WHAT YOU WILL DO> Within the data that follows, set down exactly the lines from the one containing "arc A4 (-63.25, 4.9937)" through the one containing "constraint midpoint L2 origin", both ends included.

--- SOURCE MATERIAL ---

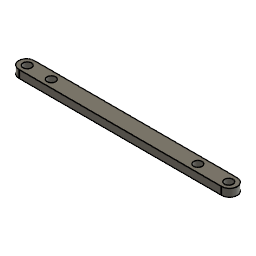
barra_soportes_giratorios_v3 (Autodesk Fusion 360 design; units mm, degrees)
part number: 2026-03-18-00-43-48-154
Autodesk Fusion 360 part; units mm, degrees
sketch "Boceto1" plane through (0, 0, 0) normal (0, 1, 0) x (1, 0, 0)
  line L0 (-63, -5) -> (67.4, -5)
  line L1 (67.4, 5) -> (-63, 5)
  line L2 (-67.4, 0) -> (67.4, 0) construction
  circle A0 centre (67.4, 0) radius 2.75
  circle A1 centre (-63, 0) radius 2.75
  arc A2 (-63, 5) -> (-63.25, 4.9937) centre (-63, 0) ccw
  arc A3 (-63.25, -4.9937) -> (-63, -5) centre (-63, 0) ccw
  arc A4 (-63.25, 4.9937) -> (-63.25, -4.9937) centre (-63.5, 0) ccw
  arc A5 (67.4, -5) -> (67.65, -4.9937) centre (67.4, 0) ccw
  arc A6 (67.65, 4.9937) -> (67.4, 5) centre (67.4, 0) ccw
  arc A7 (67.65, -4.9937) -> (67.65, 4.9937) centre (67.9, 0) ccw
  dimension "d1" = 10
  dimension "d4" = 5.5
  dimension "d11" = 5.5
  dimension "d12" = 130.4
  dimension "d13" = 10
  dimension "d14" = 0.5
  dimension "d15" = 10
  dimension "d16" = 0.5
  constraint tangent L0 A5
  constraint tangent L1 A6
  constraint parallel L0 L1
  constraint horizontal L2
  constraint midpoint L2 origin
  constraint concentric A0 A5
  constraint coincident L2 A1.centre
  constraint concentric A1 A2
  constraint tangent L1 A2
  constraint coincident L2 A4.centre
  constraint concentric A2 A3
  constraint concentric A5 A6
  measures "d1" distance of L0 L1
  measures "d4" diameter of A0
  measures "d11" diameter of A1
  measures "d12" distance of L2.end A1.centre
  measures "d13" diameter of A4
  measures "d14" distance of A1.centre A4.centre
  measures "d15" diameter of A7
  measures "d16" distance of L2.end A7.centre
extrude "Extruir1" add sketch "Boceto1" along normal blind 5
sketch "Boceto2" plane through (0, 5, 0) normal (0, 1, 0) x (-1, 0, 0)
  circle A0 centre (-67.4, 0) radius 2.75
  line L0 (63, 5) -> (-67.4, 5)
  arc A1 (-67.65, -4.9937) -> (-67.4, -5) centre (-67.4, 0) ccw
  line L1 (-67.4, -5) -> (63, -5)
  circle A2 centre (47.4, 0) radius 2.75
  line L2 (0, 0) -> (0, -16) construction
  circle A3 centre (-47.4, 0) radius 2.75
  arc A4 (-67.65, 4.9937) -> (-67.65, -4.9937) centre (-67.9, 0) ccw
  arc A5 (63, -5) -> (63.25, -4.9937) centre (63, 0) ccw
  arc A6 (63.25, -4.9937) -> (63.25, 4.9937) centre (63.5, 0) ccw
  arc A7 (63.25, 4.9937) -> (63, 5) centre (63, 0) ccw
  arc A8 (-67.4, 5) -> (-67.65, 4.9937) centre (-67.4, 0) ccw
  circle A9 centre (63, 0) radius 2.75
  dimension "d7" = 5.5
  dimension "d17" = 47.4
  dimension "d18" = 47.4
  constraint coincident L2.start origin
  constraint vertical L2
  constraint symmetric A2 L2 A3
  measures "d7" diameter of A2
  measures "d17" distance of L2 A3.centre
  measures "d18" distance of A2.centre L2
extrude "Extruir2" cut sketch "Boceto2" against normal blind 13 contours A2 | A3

---

PROBLEM SOLUTION>
  arc A4 (-63.25, 4.9937) -> (-63.25, -4.9937) centre (-63.5, 0) ccw
  arc A5 (67.4, -5) -> (67.65, -4.9937) centre (67.4, 0) ccw
  arc A6 (67.65, 4.9937) -> (67.4, 5) centre (67.4, 0) ccw
  arc A7 (67.65, -4.9937) -> (67.65, 4.9937) centre (67.9, 0) ccw
  dimension "d1" = 10
  dimension "d4" = 5.5
  dimension "d11" = 5.5
  dimension "d12" = 130.4
  dimension "d13" = 10
  dimension "d14" = 0.5
  dimension "d15" = 10
  dimension "d16" = 0.5
  constraint tangent L0 A5
  constraint tangent L1 A6
  constraint parallel L0 L1
  constraint horizontal L2
  constraint midpoint L2 origin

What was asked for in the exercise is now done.